Выбрать главу

 

Это недописанное откровение, по-видимому, должно было стать посмертной исповедью Злобина и, как считает Рясов, "украсило бы музей сумасшедших шедевров".

В начале помечено:

"Февраль. Небо разверзло пасть. Прорва снега. Одинокость".

На полях рисунки, лица, много глаз, вода, полуголые тела, сумятица линий, кремлевская башня,  жирно выделено: "мыслевержец".

 

Всего этого Рясов при всем желании не смог перерисовать, но пишет: "не по себе смотреть на лист, то-то такое в душе происходит, бежать хочется".

Но Злобин в то время и не мог покончить с собой, Вековой находился рядом и искушала призрачная надежда...

Вспоминаю, как в последний раз встретился с ним у школы. Он поздоровался, по при­вычке шевельнул носом и спросил с издевочкой: "Скучаете? Писем ждете?" И не дождавшись ответа, чего раньше за ним не замечалось, двинулся дальше, сутулясь и ступая огромными резиновыми сапога­ми прямо в лужи.

 

Признаюсь, первое время после письма Рясова, я с опаской по­сматривал на темное окно и не мог избавиться от наваждения, будто сейчас откроется дверь и войдет фельдшер-отшельник, хитро и зна­юще заблестит колкими глазами, назойливо проскрежещет: "Сдрась-те!" и поведет речь о бессмертном пунктике. Или появится за стеклом его бледное лицо... Со временем это неприятное ожидание притупи­лось, я почти забыл о нем.

 

Рясов часто и добросовестно писал мне.

После отъезда Свеклова театралы на время ушли в подполье, но вскоре вновь появились же­лающие возродить добрые традиции. Иван Павлович и ребята зате­яли построить настоящую древнерусскую крепость, вспомнили, что эту идею как-то высказывал Вековой. Упомянув его имя, он извиня­ясь спрашивал, нет ли у меня вестей о Сергее Юрьевиче? Писал и о савинцах, о новом директоре, о своем сыне, о думах, но это уже со­всем не относится к нашей истории.

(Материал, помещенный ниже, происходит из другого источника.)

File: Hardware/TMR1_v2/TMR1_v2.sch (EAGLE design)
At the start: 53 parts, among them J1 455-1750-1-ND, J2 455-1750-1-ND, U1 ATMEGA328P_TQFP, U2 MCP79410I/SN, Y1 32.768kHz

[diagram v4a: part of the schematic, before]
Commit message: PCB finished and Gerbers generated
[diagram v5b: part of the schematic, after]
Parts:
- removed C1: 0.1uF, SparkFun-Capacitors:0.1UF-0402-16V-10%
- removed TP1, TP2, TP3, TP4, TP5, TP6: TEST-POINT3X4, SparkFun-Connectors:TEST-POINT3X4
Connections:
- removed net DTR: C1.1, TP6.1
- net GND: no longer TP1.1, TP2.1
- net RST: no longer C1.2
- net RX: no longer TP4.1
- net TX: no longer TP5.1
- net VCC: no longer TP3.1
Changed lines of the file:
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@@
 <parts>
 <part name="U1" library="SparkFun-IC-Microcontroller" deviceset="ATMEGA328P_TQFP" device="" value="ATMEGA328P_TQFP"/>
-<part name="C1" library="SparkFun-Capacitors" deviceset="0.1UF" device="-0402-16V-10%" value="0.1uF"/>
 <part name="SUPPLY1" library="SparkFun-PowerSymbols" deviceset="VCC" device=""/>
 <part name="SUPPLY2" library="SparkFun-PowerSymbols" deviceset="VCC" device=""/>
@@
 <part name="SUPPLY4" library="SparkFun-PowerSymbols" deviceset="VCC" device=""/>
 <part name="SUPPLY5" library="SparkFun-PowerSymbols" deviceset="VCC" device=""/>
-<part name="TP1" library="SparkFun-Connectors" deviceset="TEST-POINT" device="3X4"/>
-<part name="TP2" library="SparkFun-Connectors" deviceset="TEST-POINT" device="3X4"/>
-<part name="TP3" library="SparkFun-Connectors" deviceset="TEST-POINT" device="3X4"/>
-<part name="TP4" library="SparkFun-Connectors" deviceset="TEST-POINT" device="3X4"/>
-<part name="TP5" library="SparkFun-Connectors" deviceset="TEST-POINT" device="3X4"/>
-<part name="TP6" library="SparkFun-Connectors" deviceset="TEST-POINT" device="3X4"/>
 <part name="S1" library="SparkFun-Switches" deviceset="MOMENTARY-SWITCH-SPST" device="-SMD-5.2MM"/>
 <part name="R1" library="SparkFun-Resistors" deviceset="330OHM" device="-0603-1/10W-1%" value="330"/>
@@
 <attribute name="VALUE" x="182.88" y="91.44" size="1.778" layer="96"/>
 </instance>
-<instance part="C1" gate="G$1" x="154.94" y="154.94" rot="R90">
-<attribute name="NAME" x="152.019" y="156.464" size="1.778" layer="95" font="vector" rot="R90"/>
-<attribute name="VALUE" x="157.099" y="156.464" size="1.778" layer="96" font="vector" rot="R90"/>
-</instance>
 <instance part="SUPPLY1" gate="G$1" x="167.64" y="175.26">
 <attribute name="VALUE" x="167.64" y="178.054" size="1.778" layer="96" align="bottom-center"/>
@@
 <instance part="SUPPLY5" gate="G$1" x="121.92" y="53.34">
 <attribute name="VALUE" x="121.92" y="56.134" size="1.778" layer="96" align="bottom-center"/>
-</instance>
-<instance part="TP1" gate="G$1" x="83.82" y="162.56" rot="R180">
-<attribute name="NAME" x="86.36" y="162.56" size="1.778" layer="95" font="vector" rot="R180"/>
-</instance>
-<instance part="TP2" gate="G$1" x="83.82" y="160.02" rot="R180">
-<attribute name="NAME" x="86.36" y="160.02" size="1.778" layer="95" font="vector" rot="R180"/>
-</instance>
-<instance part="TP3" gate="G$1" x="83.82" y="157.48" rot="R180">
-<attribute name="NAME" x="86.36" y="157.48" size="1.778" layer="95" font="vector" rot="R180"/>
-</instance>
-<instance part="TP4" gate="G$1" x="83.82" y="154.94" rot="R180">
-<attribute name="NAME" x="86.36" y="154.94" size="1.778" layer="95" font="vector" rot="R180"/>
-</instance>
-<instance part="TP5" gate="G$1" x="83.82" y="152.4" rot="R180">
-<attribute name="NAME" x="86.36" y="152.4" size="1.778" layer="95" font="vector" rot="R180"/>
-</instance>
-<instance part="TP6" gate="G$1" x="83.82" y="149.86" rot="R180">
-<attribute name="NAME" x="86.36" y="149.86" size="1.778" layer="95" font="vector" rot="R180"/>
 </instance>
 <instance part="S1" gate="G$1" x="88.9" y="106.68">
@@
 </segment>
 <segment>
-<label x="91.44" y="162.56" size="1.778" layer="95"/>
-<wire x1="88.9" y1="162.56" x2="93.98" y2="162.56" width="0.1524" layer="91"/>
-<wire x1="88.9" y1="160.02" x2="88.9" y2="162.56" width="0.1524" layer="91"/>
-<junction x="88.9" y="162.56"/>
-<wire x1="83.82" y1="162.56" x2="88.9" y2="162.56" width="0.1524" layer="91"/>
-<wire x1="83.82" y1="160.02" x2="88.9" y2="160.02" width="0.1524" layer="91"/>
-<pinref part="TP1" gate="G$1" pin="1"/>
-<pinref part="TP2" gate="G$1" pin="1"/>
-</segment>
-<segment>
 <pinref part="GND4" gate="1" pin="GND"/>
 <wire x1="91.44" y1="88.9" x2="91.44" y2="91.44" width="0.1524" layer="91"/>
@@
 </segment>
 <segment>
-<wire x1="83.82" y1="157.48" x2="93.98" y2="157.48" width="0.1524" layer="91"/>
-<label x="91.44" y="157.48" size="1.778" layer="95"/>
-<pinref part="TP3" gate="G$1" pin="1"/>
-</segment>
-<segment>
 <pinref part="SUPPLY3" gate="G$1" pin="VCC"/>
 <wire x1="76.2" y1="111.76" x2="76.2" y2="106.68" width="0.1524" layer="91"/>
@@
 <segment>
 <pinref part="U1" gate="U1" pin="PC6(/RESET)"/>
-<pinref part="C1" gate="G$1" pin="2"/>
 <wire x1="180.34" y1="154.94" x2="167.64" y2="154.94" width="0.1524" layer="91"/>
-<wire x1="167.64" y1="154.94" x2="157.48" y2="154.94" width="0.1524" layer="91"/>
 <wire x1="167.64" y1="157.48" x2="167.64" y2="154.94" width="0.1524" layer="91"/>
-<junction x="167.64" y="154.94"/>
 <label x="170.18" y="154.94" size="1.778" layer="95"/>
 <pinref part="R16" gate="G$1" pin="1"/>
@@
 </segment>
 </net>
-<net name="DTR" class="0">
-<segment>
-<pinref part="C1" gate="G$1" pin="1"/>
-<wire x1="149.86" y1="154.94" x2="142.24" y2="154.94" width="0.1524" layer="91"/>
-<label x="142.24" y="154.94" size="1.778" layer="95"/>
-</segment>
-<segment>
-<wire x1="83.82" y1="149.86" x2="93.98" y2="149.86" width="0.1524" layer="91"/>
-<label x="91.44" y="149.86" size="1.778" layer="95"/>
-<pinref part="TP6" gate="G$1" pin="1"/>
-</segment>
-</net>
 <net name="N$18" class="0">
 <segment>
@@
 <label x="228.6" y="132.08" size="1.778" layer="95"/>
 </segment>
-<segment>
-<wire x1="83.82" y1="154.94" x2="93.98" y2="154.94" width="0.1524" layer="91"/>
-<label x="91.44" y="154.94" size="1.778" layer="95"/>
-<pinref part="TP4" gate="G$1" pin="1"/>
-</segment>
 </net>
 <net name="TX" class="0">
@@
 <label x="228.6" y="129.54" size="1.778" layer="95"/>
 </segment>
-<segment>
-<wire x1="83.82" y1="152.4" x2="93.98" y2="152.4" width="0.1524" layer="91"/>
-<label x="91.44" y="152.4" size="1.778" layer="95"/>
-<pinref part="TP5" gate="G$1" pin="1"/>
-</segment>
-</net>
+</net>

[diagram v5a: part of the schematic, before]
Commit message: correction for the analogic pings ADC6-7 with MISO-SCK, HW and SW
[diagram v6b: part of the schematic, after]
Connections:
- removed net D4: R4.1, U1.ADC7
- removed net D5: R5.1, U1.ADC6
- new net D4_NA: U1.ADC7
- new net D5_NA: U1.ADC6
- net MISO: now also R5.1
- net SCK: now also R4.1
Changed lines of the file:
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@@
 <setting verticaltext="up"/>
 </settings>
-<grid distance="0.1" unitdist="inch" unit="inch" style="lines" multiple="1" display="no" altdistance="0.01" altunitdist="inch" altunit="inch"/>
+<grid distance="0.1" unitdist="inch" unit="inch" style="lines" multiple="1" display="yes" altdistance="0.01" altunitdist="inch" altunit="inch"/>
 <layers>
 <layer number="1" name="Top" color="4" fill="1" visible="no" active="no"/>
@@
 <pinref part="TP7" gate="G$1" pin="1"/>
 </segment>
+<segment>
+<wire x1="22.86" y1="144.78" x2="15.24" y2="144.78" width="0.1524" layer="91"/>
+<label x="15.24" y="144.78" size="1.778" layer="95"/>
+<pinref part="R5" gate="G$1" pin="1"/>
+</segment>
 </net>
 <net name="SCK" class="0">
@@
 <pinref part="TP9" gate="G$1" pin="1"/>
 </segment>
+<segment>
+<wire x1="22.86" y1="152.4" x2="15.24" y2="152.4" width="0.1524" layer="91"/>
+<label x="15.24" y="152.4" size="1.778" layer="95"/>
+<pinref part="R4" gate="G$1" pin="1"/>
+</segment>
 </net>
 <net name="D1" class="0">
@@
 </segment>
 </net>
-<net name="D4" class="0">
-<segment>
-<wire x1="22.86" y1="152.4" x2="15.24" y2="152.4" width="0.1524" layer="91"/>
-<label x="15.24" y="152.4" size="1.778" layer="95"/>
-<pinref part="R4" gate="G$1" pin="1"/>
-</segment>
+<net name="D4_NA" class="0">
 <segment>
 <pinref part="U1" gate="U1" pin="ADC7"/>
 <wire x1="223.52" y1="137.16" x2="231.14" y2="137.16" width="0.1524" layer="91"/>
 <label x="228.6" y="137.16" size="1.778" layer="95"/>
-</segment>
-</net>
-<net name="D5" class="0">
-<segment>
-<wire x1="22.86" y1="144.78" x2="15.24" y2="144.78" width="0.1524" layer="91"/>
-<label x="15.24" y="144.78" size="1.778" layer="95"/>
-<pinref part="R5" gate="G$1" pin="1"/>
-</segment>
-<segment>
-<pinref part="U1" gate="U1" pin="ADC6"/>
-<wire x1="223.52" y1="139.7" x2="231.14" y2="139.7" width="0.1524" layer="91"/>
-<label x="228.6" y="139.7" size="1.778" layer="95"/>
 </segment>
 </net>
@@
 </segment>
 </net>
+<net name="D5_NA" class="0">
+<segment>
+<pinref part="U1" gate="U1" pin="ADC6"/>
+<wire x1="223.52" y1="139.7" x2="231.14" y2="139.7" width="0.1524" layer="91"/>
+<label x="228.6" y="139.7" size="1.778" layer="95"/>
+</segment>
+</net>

Все на свете, как и бег моих строчек, имеет конец, за глухой стеной которого — таинственное и неизведанное начало...

 

Что же еще? Верочка-Вера.

Она писала мне из института славные бодрые письма. У нее, правда, не ладится что-то с начальством, ну да после Него — и не без этого? В последнем письме она несколько сумбурно и восклицательно сообщает, что недавно узнала, будто то ли в Закарпатье, то ли в Крыму в каком-то поселке работал трактористом странный молодой человек. Будто он бывший учитель, пишет стихи и сжигает их, а на квартиру к нему ходит молодежь, которая влюблена в него и с которой он ведет себя запросто. Но будто бы недавно он уехал то ли в Карелию, то ли в Астрахань. Ох, Верочка, и у меня от таких подробностей захолонуло сердце. Дай-то Бог тебе не обмануться...

 

Вторую часть я дописал, и выводы сделал, и название книге дал, может быть, посчитаете его дерзким и ядовитым, ну да какое есть, а именно: "История нечисти".

Отрадно, я успеваю и с этими записками. Мне уже не встать, и я давно подготовил себя к уходу. Они запрещают мне писать. Здесь разные люди, и есть чему улыбнуться, и хорошо, что не один, а среди контрастных, небезыдейных, всяких... Вот допишу последние строч­ки, и тогда моя нить оборвется, и не важно, сколько раз после этого вздохну...

 

Вы спросите, что случилось с Сергеем Юрьевичем? Не знаю. Обратиться в органы? Я этого не сделал. В моем финале они не для меня.

Его исчезновение не печально, я не могу думать о нем, как о неживом и, прощаясь с этим угасающим для меня миром, я благода­рю солнце за то, что оно помогло мне встретить и полюбить свое талантливое и гордое создание.

Я благодарю и вас, мои молчаливые усталые современники.

Он рядом, во мне, в последнем главном итоге, с его именем на устах прощаться весело и бесстрашно.

 

Среди подаренных мне книг я обнаружил потертую желтую тет­радь. На обложке его рукой выведено: "Неотправленное". Не могу сказать, что это письма, скорее поток сиюминутных мыслей и чувств там — в начале становления, в закаливающем пламени любви. Кому они предназначались — этого теперь не узнает никто.